=== Supplied records ===

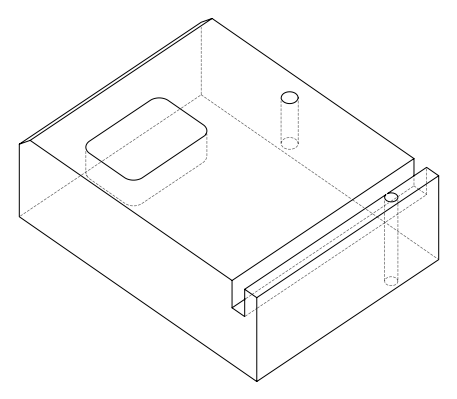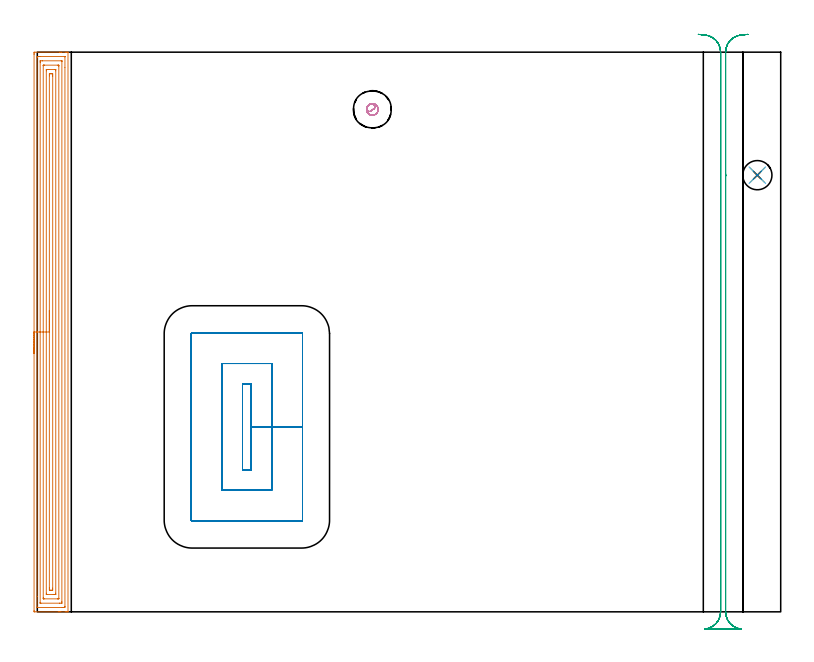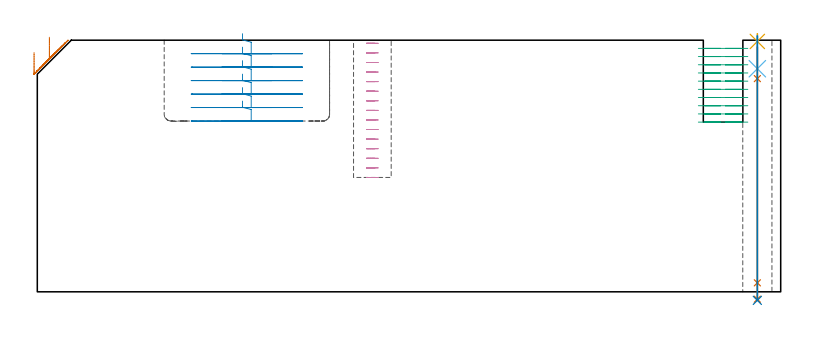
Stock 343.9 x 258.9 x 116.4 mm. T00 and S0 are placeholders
(PLAN: 8 operations, 7 tool changes, 35 min)
(1 AREA_MILL | FG_CHAMFER_SURFACE | UGT0205_001 | 12.7 min | 31911 mm3)
(2 MILL_RECTANGULAR_POCKET | POCKET_RECTANGULAR_STRAIGHT | NXT0201_007 | Follow Part, ap 6.25, ae 75% | 7.5 min | 314608 mm3)
(3 MILL_RECTANGULAR_SLOT | SLOT_RECTANGULAR | NXT0201_012 | Follow Part, ap 4, ae 75% | 11.91 min | 179572 mm3)
(4 MILL_BLIND_HOLE_FROM_SOLID_MATERIAL | STEP1POCKET | NXT0201_011 | Spiral | 1.71 min | 15092 mm3)
(5 SPOT_DRILL | STEP1HOLE | NXT0321_9005460120000 | 0.03 min | 9 mm3)
(6 DRILL_BLIND_HOLE_INTO_CENTER | STEP1HOLE | NXT0301_059 | 0.06 min | 744 mm3)
(7 GUN_DRILL_THROUGH_HOLE | STEP1HOLE | UGT0307_005 | 0.56 min | 5586 mm3)
(8 DRILL_TO_ENLARGE_THROUGH_HOLE | STEP1HOLE | NXT0301_102 | 0.49 min | 10313 mm3)
(TOOL UGT0205_001 | Chamfer Mill 20 x 3 x 45 deg. | D20 FL50 Z2)
(TOOL NXT0201_007 | ENDMILL 25mm [R216.25-25050GCK54P 1620] | D25 R3 FL54 Z5)
(TOOL NXT0201_012 | ENDMILL 16mm [2P460-1600-NA 1630] | D16 FL38 Z6)
(TOOL NXT0201_011 | ENDMILL 12mm [2P460-1200-NA 1630] | D12 FL38 Z6)
(TOOL NXT0321_9005460120000 | NC Spot Drill, 142deg, 12mm, Carbide, Uncoated | D12 PA142 FL30 Z2)
(TOOL NXT0301_059 | Carbide Drill 8.8mm [860.1-0880-026A1-MM 2214] | D8.8 PA140 FL47 Z2)
(TOOL UGT0307_005 | Gun Drill 8.3 mm | D8.3 PA130 FL24 Z1)
(TOOL NXT0301_102 | Carbide Drill 13.5mm [860.1-1350-108A1-MM 2214] | D13.5 PA140 FL123 Z2)
(OP 1 AREA_MILL)
G17 G21 G94 G90
T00 M6
G54
G17 G0 G90 X-1.5 Y119.45 S1061 M3
G43 Z126.4 H0
Z110.7
G94 G1 Y119.488 Z109.828 F250.
Y119.602 Z108.963
Y119.791 Z108.112
Y120.053 Z107.28
Y120.387 Z106.474
Y120.79 Z105.7
Y121.258 Z104.964
Y121.79 Z104.272
Y122.379 Z103.629
Y123.022 Z103.04
Y123.714 Z102.508
Y124.45 Z102.04
Y125.224 Z101.637
Y126.03 Z101.303
Y126.862 Z101.041
Y127.713 Z100.852
Y128.578 Z100.738
Y129.45 Z100.7
Y257.813
X-1.499 Y258.305 Z100.701
X-1.496 Y258.7 Z100.702
X-1.492 Y258.89 Z100.705
X-1.107 Y258.9 Z101.09
X10.298 Z112.492
X10.881 Z113.078
X11.175 Z113.372
X12.93 Z115.124
X13.518 Z115.717
X13.937 Z116.136
X14.07 Y258.897 Z116.263
X14.198 Y258.89 Z116.388
X14.2 Y258.75 Z116.4
Y0.149
X14.198 Y0.01 Z116.389
X14.071 Y0.003 Z116.263
X13.937 Y0. Z116.136
X13.518 Z115.717
X12.93 Z115.124
X10.881 Z113.078
X10.298 Z112.492
X9.712 Z111.907
X-1.107 Z101.09
X-1.402 Y0.003 Z100.795
X-1.492 Y0.01 Z100.705
X-1.499 Y0.102 Z100.699
X-1.5 Y0.595 Z100.7
Y129.45
X-0.086 Z102.114
X-0.085 Y256.374 Z102.115
X-0.084 Y256.521 Z102.116
X-0.079 Y256.884 Z102.121
X0.28 Y256.895 Z102.48
X0.648 Y256.898 Z102.848
X1.152 Y256.9 Z103.352
X12.557 Z114.757
X12.719 Y256.898 Z114.919
X12.745 Y256.896 Z114.945
X12.771 Y256.89 Z114.971
X12.779 Y256.883 Z114.979
X12.78 Y256.864 Z114.98
X12.785 Y256.668 Z114.985
X12.786 Y251.83 Z114.986
X12.785 Y2.526 Z114.985
X12.784 Y2.379 Z114.984
X12.779 Y2.016 Z114.979
X12.42 Y2.005 Z114.62
X12.052 Y2.002 Z114.252
X11.547 Y2. Z113.747
X0.143 Z102.343
X-0.019 Y2.002 Z102.181
X-0.045 Y2.004 Z102.155
X-0.071 Y2.01 Z102.129
X-0.079 Y2.016 Z102.121
X-0.081 Y2.036 Z102.119
X-0.085 Y2.231 Z102.115
X-0.086 Y7.072 Z102.114
Y129.45
X1.328 Z103.528
Y254.046
X1.331 Y254.738 Z103.531
X1.333 Y254.837 Z103.533
X1.335 Y254.88 Z103.535
X1.373 Y254.892 Z103.573
X1.525 Y254.896 Z103.725
X2.243 Y254.9 Z104.443
X2.402 Z104.602
X11.016 Y254.899 Z113.216
X11.175 Y254.896 Z113.375
X11.334 Y254.89 Z113.534
X11.365 Y254.884 Z113.565
X11.368 Y254.857 Z113.568
X11.37 Y254.804 Z113.57
X11.371 Y254.738 Z113.571
Y254.538
Y4.854
X11.369 Y4.162 Z113.569
X11.367 Y4.063 Z113.567
X11.365 Y4.02 Z113.565
X11.327 Y4.008 Z113.527
X11.175 Y4.004 Z113.375
X10.457 Y4. Z112.657
X10.298 Z112.498
X1.684 Z103.884
X1.525 Y4.004 Z103.725
X1.366 Y4.01 Z103.566
X1.335 Y4.016 Z103.535
X1.332 Y4.043 Z103.532
X1.33 Y4.096 Z103.53
X1.329 Y4.162 Z103.529
X1.328 Y4.362 Z103.528
Y129.45
X2.743 Z104.943
Y252.608
X2.745 Y252.79 Z104.945
X2.747 Y252.856 Z104.947
X2.749 Y252.886 Z104.949
X2.766 Y252.89 Z104.966
X2.868 Y252.894 Z105.068
X3.279 Y252.9 Z105.479
X3.333 Z105.533
X9.474 Z111.674
X9.833 Y252.893 Z112.033
X9.922 Y252.89 Z112.122
X9.951 Y252.881 Z112.151
X9.953 Y252.853 Z112.153
X9.955 Y252.779 Z112.155
X9.957 Y252.409 Z112.157
Y6.292
X9.955 Y6.11 Z112.155
X9.953 Y6.044 Z112.153
X9.951 Y6.014 Z112.151
X9.934 Y6.01 Z112.134
X9.832 Y6.006 Z112.032
X9.42 Y6. Z111.62
X9.367 Z111.567
X3.226 Z105.426
X2.867 Y6.007 Z105.067
X2.778 Y6.01 Z104.978
X2.749 Y6.019 Z104.949
X2.747 Y6.047 Z104.947
X2.745 Y6.121 Z104.945
X2.743 Y6.491 Z104.943
Y129.45
X4.157 Z106.357
Y250.279
X4.159 Y250.725 Z106.359
X4.161 Y250.836 Z106.361
X4.163 Y250.883 Z106.363
X4.22 Y250.89 Z106.42
X4.426 Y250.897 Z106.626
X5.034 Y250.899 Z107.234
X5.301 Y250.9 Z107.501
X7.933 Y250.899 Z110.133
X8.401 Y250.893 Z110.601
X8.501 Y250.89 Z110.701
X8.536 Y250.883 Z110.736
X8.538 Y250.836 Z110.738
X8.54 Y250.725 Z110.74
X8.543 Y250.279 Z110.743
Y8.621
X8.541 Y8.175 Z110.741
X8.538 Y8.064 Z110.738
X8.536 Y8.017 Z110.736
X8.48 Y8.01 Z110.68
X8.273 Y8.003 Z110.473
X7.666 Y8.001 Z109.866
X7.399 Y8. Z109.599
X4.767 Y8.001 Z106.967
X4.299 Y8.007 Z106.499
X4.198 Y8.01 Z106.398
X4.163 Y8.017 Z106.363
X4.162 Y8.064 Z106.362
X4.159 Y8.175 Z106.359
X4.157 Y8.621 Z106.357
Y129.45
X5.571 Z107.771
Y247.95
X5.573 Y248.496 Z107.773
X5.575 Y248.837 Z107.775
X5.578 Y248.882 Z107.778
X5.614 Y248.89 Z107.814
X5.713 Y248.895 Z107.913
X5.911 Y248.898 Z108.111
X6.391 Y248.9 Z108.591
X6.789 Z108.989
X6.921 Y248.899 Z109.121
X7.027 Y248.895 Z109.227
X7.097 Y248.89 Z109.297
X7.122 Y248.88 Z109.322
X7.124 Y248.841 Z109.324
X7.127 Y248.496 Z109.327
X7.129 Y248.15 Z109.329
Y247.604
Y10.95
X7.127 Y10.404 Z109.327
X7.124 Y10.063 Z109.324
X7.122 Y10.018 Z109.322
X7.086 Y10.01 Z109.286
X6.987 Y10.005 Z109.187
X6.789 Y10.002 Z108.989
X6.309 Y10. Z108.509
X5.911 Z108.111
X5.779 Y10.001 Z107.979
X5.673 Y10.005 Z107.873
X5.603 Y10.01 Z107.803
X5.578 Y10.02 Z107.778
X5.576 Y10.059 Z107.776
X5.573 Y10.404 Z107.773
X5.571 Y10.75 Z107.771
Y11.296
Y129.45
Y130.322 Z107.809
Y131.186 Z107.923
Y132.038 Z108.112
Y132.87 Z108.374
Y133.676 Z108.708
Y134.45 Z109.111
Y135.186 Z109.58
Y135.878 Z110.111
Y136.521 Z110.7
Y137.11 Z111.343
Y137.641 Z112.035
Y138.11 Z112.771
Y138.513 Z113.545
Y138.847 Z114.351
Y139.109 Z115.183
Y139.298 Z116.035
Y139.412 Z116.899
Y139.45 Z117.771
G0 Z126.4
M5
M2
(OP 2 MILL_RECTANGULAR_POCKET)
G17 G21 G94 G90
T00 M6
G54
G17 G0 G90 X94.95 Y76.409 S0 M3
G43 Z126.4 H1
Z119.4
G94 G1 Y65.75 Z116.544 F250.
X98.95 Z115.472
Y85.55 Z110.167
Y105.35 F500.
X94.95
Y65.75
X98.95
Y85.55
X108.45
Y114.85
X85.45
Y56.25
X108.45
Y85.55
X122.7
Y128.7
G3 X122.3 Y129.1 R0.4
G1 X71.6
G3 X71.2 Y128.7 R0.4
G1 Y42.4
G3 X71.6 Y42. R0.4
G1 X122.3
G3 X122.7 Y42.4 R0.4
G1 Y85.55
Y86.55
G0 X94.95 Y76.409 Z113.167
G1 Y65.75 Z110.31 F250.
X98.95 Z109.239
Y85.55 Z103.933
Y105.35 F500.
X94.95
Y65.75
X98.95
Y85.55
X108.45
Y114.85
X85.45
Y56.25
X108.45
Y85.55
X122.7
Y128.7
G3 X122.3 Y129.1 R0.4
G1 X71.6
G3 X71.2 Y128.7 R0.4
G1 Y42.4
G3 X71.6 Y42. R0.4
G1 X122.3
G3 X122.7 Y42.4 R0.4
G1 Y85.55
Y86.55
G0 X94.95 Y76.409 Z106.933
G1 Y65.75 Z104.077 F250.
X98.95 Z103.005
Y85.55 Z97.7
Y105.35 F500.
X94.95
Y65.75
X98.95
Y85.55
X108.45
Y114.85
X85.45
Y56.25
X108.45
Y85.55
X122.7
Y128.7
G3 X122.3 Y129.1 R0.4
G1 X71.6
G3 X71.2 Y128.7 R0.4
G1 Y42.4
G3 X71.6 Y42. R0.4
G1 X122.3
G3 X122.7 Y42.4 R0.4
G1 Y85.55
Y86.55
G0 X94.95 Y76.409 Z100.7
G1 Y65.75 Z97.844 F250.
X98.95 Z96.772
Y85.55 Z91.467
Y105.35 F500.
X94.95
Y65.75
X98.95
Y85.55
X108.45
Y114.85
X85.45
Y56.25
X108.45
Y85.55
X122.7
Y128.7
G3 X122.3 Y129.1 R0.4
G1 X71.6
G3 X71.2 Y128.7 R0.4
G1 Y42.4
G3 X71.6 Y42. R0.4
G1 X122.3
G3 X122.7 Y42.4 R0.4
G1 Y85.55
Y86.55
G0 X94.95 Y76.409 Z94.467
G1 Y65.75 Z91.611 F250.
X98.95 Z90.539
Y85.55 Z85.233
Y105.35 F500.
X94.95
Y65.75
X98.95
Y85.55
X108.45
Y114.85
X85.45
Y56.25
X108.45
Y85.55
X122.7
Y128.7
G3 X122.3 Y129.1 R0.4
G1 X71.6
G3 X71.2 Y128.7 R0.4
G1 Y42.4
G3 X71.6 Y42. R0.4
G1 X122.3
G3 X122.7 Y42.4 R0.4
G1 Y85.55
Y86.55
G0 X94.95 Y76.409 Z88.233
G1 Y65.75 Z85.377 F250.
X98.95 Z84.305
Y85.55 Z79.
Y105.35 F500.
X94.95
Y65.75
X98.95
Y85.55
X108.45
Y114.85
X85.45
Y56.25
X108.45
Y85.55
X122.7
Y128.7
G3 X122.3 Y129.1 R0.4
G1 X71.6
G3 X71.2 Y128.7 R0.4
G1 Y42.4
G3 X71.6 Y42. R0.4
G1 X122.3
G3 X122.7 Y42.4 R0.4
G1 Y85.55
Y86.55
G0 Z126.4
M5
M2
(OP 3 MILL_RECTANGULAR_SLOT)
G17 G21 G94 G90
T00 M6
G54
G17 G0 G90 X305.803 Y267.13 S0 M3
G43 Z126.4 H1
Z112.61
G94 G1 X308.792 Y266.87 F250.
G2 X316.1 Y258.9 R8. F500.
G1 Y0.
G2 X308.792 Y-7.97 R8.
G1 Y-8.
X325.708
Y-7.97
G2 X318.4 Y0. R8.
G1 Y201.18
G2 X318.442 Y202. R8.
X318.4 Y202.82 R8.
G1 Y258.9
G2 X325.708 Y266.87 R8.
G1 X328.697 Y267.13 F250.
G0 X305.803 Z108.82
G1 X308.792 Y266.87
G2 X316.1 Y258.9 R8. F500.
G1 Y0.
G2 X308.792 Y-7.97 R8.
G1 Y-8.
X325.708
Y-7.97
G2 X318.4 Y0. R8.
G1 Y201.18
G2 X318.442 Y202. R8.
X318.4 Y202.82 R8.
G1 Y258.9
G2 X325.708 Y266.87 R8.
G1 X328.697 Y267.13 F250.
G0 X305.803 Z105.03
G1 X308.792 Y266.87
G2 X316.1 Y258.9 R8. F500.
G1 Y0.
G2 X308.792 Y-7.97 R8.
G1 Y-8.
X325.708
Y-7.97
G2 X318.4 Y0. R8.
G1 Y201.18
G2 X318.442 Y202. R8.
X318.4 Y202.82 R8.
G1 Y258.9
G2 X325.708 Y266.87 R8.
G1 X328.697 Y267.13 F250.
G0 X305.803 Z101.24
G1 X308.792 Y266.87
G2 X316.1 Y258.9 R8. F500.
G1 Y0.
G2 X308.792 Y-7.97 R8.
G1 Y-8.
X325.708
Y-7.97
G2 X318.4 Y0. R8.
G1 Y201.18
G2 X318.442 Y202. R8.
X318.4 Y202.82 R8.
G1 Y258.9
G2 X325.708 Y266.87 R8.
G1 X328.697 Y267.13 F250.
G0 X305.803 Z97.45
G1 X308.792 Y266.87
G2 X316.1 Y258.9 R8. F500.
G1 Y0.
G2 X308.792 Y-7.97 R8.
G1 Y-8.
X325.708
Y-7.97
G2 X318.4 Y0. R8.
G1 Y201.18
G2 X318.442 Y202. R8.
X318.4 Y202.82 R8.
G1 Y258.9
G2 X325.708 Y266.87 R8.
G1 X328.697 Y267.13 F250.
G0 X305.803 Z93.66
G1 X308.792 Y266.87
G2 X316.1 Y258.9 R8. F500.
G1 Y0.
G2 X308.792 Y-7.97 R8.
G1 Y-8.
X325.708
Y-7.97
G2 X318.4 Y0. R8.
G1 Y201.18
G2 X318.442 Y202. R8.
X318.4 Y202.82 R8.
G1 Y258.9
G2 X325.708 Y266.87 R8.
G1 X328.697 Y267.13 F250.
G0 X305.803 Z89.87
G1 X308.792 Y266.87
G2 X316.1 Y258.9 R8. F500.
G1 Y0.
G2 X308.792 Y-7.97 R8.
G1 Y-8.
X325.708
Y-7.97
G2 X318.4 Y0. R8.
G1 Y201.18
G2 X318.442 Y202. R8.
X318.4 Y202.82 R8.
G1 Y258.9
G2 X325.708 Y266.87 R8.
G1 X328.697 Y267.13 F250.
G0 X305.803 Z86.08
G1 X308.792 Y266.87
G2 X316.1 Y258.9 R8. F500.
G1 Y0.
G2 X308.792 Y-7.97 R8.
G1 Y-8.
X325.708
Y-7.97
G2 X318.4 Y0. R8.
G1 Y201.18
G2 X318.442 Y202. R8.
X318.4 Y202.82 R8.
G1 Y258.9
G2 X325.708 Y266.87 R8.
G1 X328.697 Y267.13 F250.
G0 X305.803 Z82.29
G1 X308.792 Y266.87
G2 X316.1 Y258.9 R8. F500.
G1 Y0.
G2 X308.792 Y-7.97 R8.
G1 Y-8.
X325.708
Y-7.97
G2 X318.4 Y0. R8.
G1 Y201.18
G2 X318.442 Y202. R8.
X318.4 Y202.82 R8.
G1 Y258.9
G2 X325.708 Y266.87 R8.
G1 X328.697 Y267.13 F250.
G0 X305.803 Z78.5
G1 X308.792 Y266.87
G2 X316.1 Y258.9 R8. F500.
G1 Y0.
G2 X308.792 Y-7.97 R8.
G1 Y-8.
X325.708
Y-7.97
G2 X318.4 Y0. R8.
G1 Y201.18
G2 X318.442 Y202. R8.
X318.4 Y202.82 R8.
G1 Y258.9
G2 X325.708 Y266.87 R8.
G1 X328.697 Y267.13 F250.
G0 Z126.4
M5
M2
(OP 4 MILL_BLIND_HOLE_FROM_SOLID_MATERIAL)
G17 G21 G94 G90
T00 M6
G54
G17 G0 G90 X155. Y232.4 S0 M3
G43 Z126.4 H1
Z114.967
G94 G3 X155.369 Y234.731 R1.195 F250.
X152.432 Y233.234 R2.331
X154.166 Y229.832 R2.7
X152.432 Y233.234 R-2.7
X153.299 Y231.533 R1.35
X155. Y232.4 R1.35
G0 Z110.533
G3 X155.369 Y234.731 R1.195
X152.432 Y233.234 R2.331
X154.166 Y229.832 R2.7
X152.432 Y233.234 R-2.7
X153.299 Y231.533 R1.35
X155. Y232.4 R1.35
G0 Z106.1
G3 X155.369 Y234.731 R1.195
X152.432 Y233.234 R2.331
X154.166 Y229.832 R2.7
X152.432 Y233.234 R-2.7
X153.299 Y231.533 R1.35
X155. Y232.4 R1.35
G0 Z101.667
G3 X155.369 Y234.731 R1.195
X152.432 Y233.234 R2.331
X154.166 Y229.832 R2.7
X152.432 Y233.234 R-2.7
X153.299 Y231.533 R1.35
X155. Y232.4 R1.35
G0 Z97.233
G3 X155.369 Y234.731 R1.195
X152.432 Y233.234 R2.331
X154.166 Y229.832 R2.7
X152.432 Y233.234 R-2.7
X153.299 Y231.533 R1.35
X155. Y232.4 R1.35
G0 Z92.8
G3 X155.369 Y234.731 R1.195
X152.432 Y233.234 R2.331
X154.166 Y229.832 R2.7
X152.432 Y233.234 R-2.7
X153.299 Y231.533 R1.35
X155. Y232.4 R1.35
G0 Z88.367
G3 X155.369 Y234.731 R1.195
X152.432 Y233.234 R2.331
X154.166 Y229.832 R2.7
X152.432 Y233.234 R-2.7
X153.299 Y231.533 R1.35
X155. Y232.4 R1.35
G0 Z83.933
G3 X155.369 Y234.731 R1.195
X152.432 Y233.234 R2.331
X154.166 Y229.832 R2.7
X152.432 Y233.234 R-2.7
X153.299 Y231.533 R1.35
X155. Y232.4 R1.35
G0 Z79.5
G3 X155.369 Y234.731 R1.195
X152.432 Y233.234 R2.331
X154.166 Y229.832 R2.7
X152.432 Y233.234 R-2.7
X153.299 Y231.533 R1.35
X155. Y232.4 R1.35
G0 Z75.067
G3 X155.369 Y234.731 R1.195
X152.432 Y233.234 R2.331
X154.166 Y229.832 R2.7
X152.432 Y233.234 R-2.7
X153.299 Y231.533 R1.35
X155. Y232.4 R1.35
G0 Z70.633
G3 X155.369 Y234.731 R1.195
X152.432 Y233.234 R2.331
X154.166 Y229.832 R2.7
X152.432 Y233.234 R-2.7
X153.299 Y231.533 R1.35
X155. Y232.4 R1.35
G0 Z66.2
G3 X155.369 Y234.731 R1.195
X152.432 Y233.234 R2.331
X154.166 Y229.832 R2.7
X152.432 Y233.234 R-2.7
X153.299 Y231.533 R1.35
X155. Y232.4 R1.35
G0 Z61.767
G3 X155.369 Y234.731 R1.195
X152.432 Y233.234 R2.331
X154.166 Y229.832 R2.7
X152.432 Y233.234 R-2.7
X153.299 Y231.533 R1.35
X155. Y232.4 R1.35
G0 Z57.333
G3 X155.369 Y234.731 R1.195
X152.432 Y233.234 R2.331
X154.166 Y229.832 R2.7
X152.432 Y233.234 R-2.7
X153.299 Y231.533 R1.35
X155. Y232.4 R1.35
G0 Z52.9
G3 X155.369 Y234.731 R1.195
X152.432 Y233.234 R2.331
X154.166 Y229.832 R2.7
X152.432 Y233.234 R-2.7
X153.299 Y231.533 R1.35
X155. Y232.4 R1.35
G0 Z126.4
M5
M2
(OP 5 SPOT_DRILL)
G17 G21 G94 G90
T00 M6
G54
G17 G0 G90 X333.1 Y202. S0 M3
G43 Z126.4 H0
G94 G81 G98 Z115.819 F250. R119.4
G80
M5
M2
(OP 6 DRILL_BLIND_HOLE_INTO_CENTER)
G17 G21 G94 G90
T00 M6
G54
G17 G0 G90 X333.1 Y202. S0 M3
G43 Z126.4 H1
G94 G81 G98 Z103.2 F250. R118.4
G80
M5
M2
(OP 7 GUN_DRILL_THROUGH_HOLE)
G17 G21 G94 G90
T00 M6
G54
G17 G0 G90 X333.1 Y202. M8
G43 Z126.4 H0
Z113.317
S716 M3
G94 G1 Z98.625 F125. M26
G4 X.084
Z4.15 F250.
G4 X.084
Z-3.435 F125.
G4 X.084
M5
M9
G0 Z113.317
Z126.4
M2
(OP 8 DRILL_TO_ENLARGE_THROUGH_HOLE)
G17 G21 G94 G90
T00 M6
G54
G17 G0 G90 X333.1 Y202. S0 M3
G43 Z126.4 H1
G94 G73 G98 Z-3.957 F250. Q13.373 R118.4
G80
M5
M2

===

Task brief: Copy exactly the lines from the first line of the records above through the line with "(4 MILL_BLIND_HOLE_FROM_SOLID_MATERIAL |", both included, and nothing else. Pictures stay out.

Written solution:
Stock 343.9 x 258.9 x 116.4 mm. T00 and S0 are placeholders
(PLAN: 8 operations, 7 tool changes, 35 min)
(1 AREA_MILL | FG_CHAMFER_SURFACE | UGT0205_001 | 12.7 min | 31911 mm3)
(2 MILL_RECTANGULAR_POCKET | POCKET_RECTANGULAR_STRAIGHT | NXT0201_007 | Follow Part, ap 6.25, ae 75% | 7.5 min | 314608 mm3)
(3 MILL_RECTANGULAR_SLOT | SLOT_RECTANGULAR | NXT0201_012 | Follow Part, ap 4, ae 75% | 11.91 min | 179572 mm3)
(4 MILL_BLIND_HOLE_FROM_SOLID_MATERIAL | STEP1POCKET | NXT0201_011 | Spiral | 1.71 min | 15092 mm3)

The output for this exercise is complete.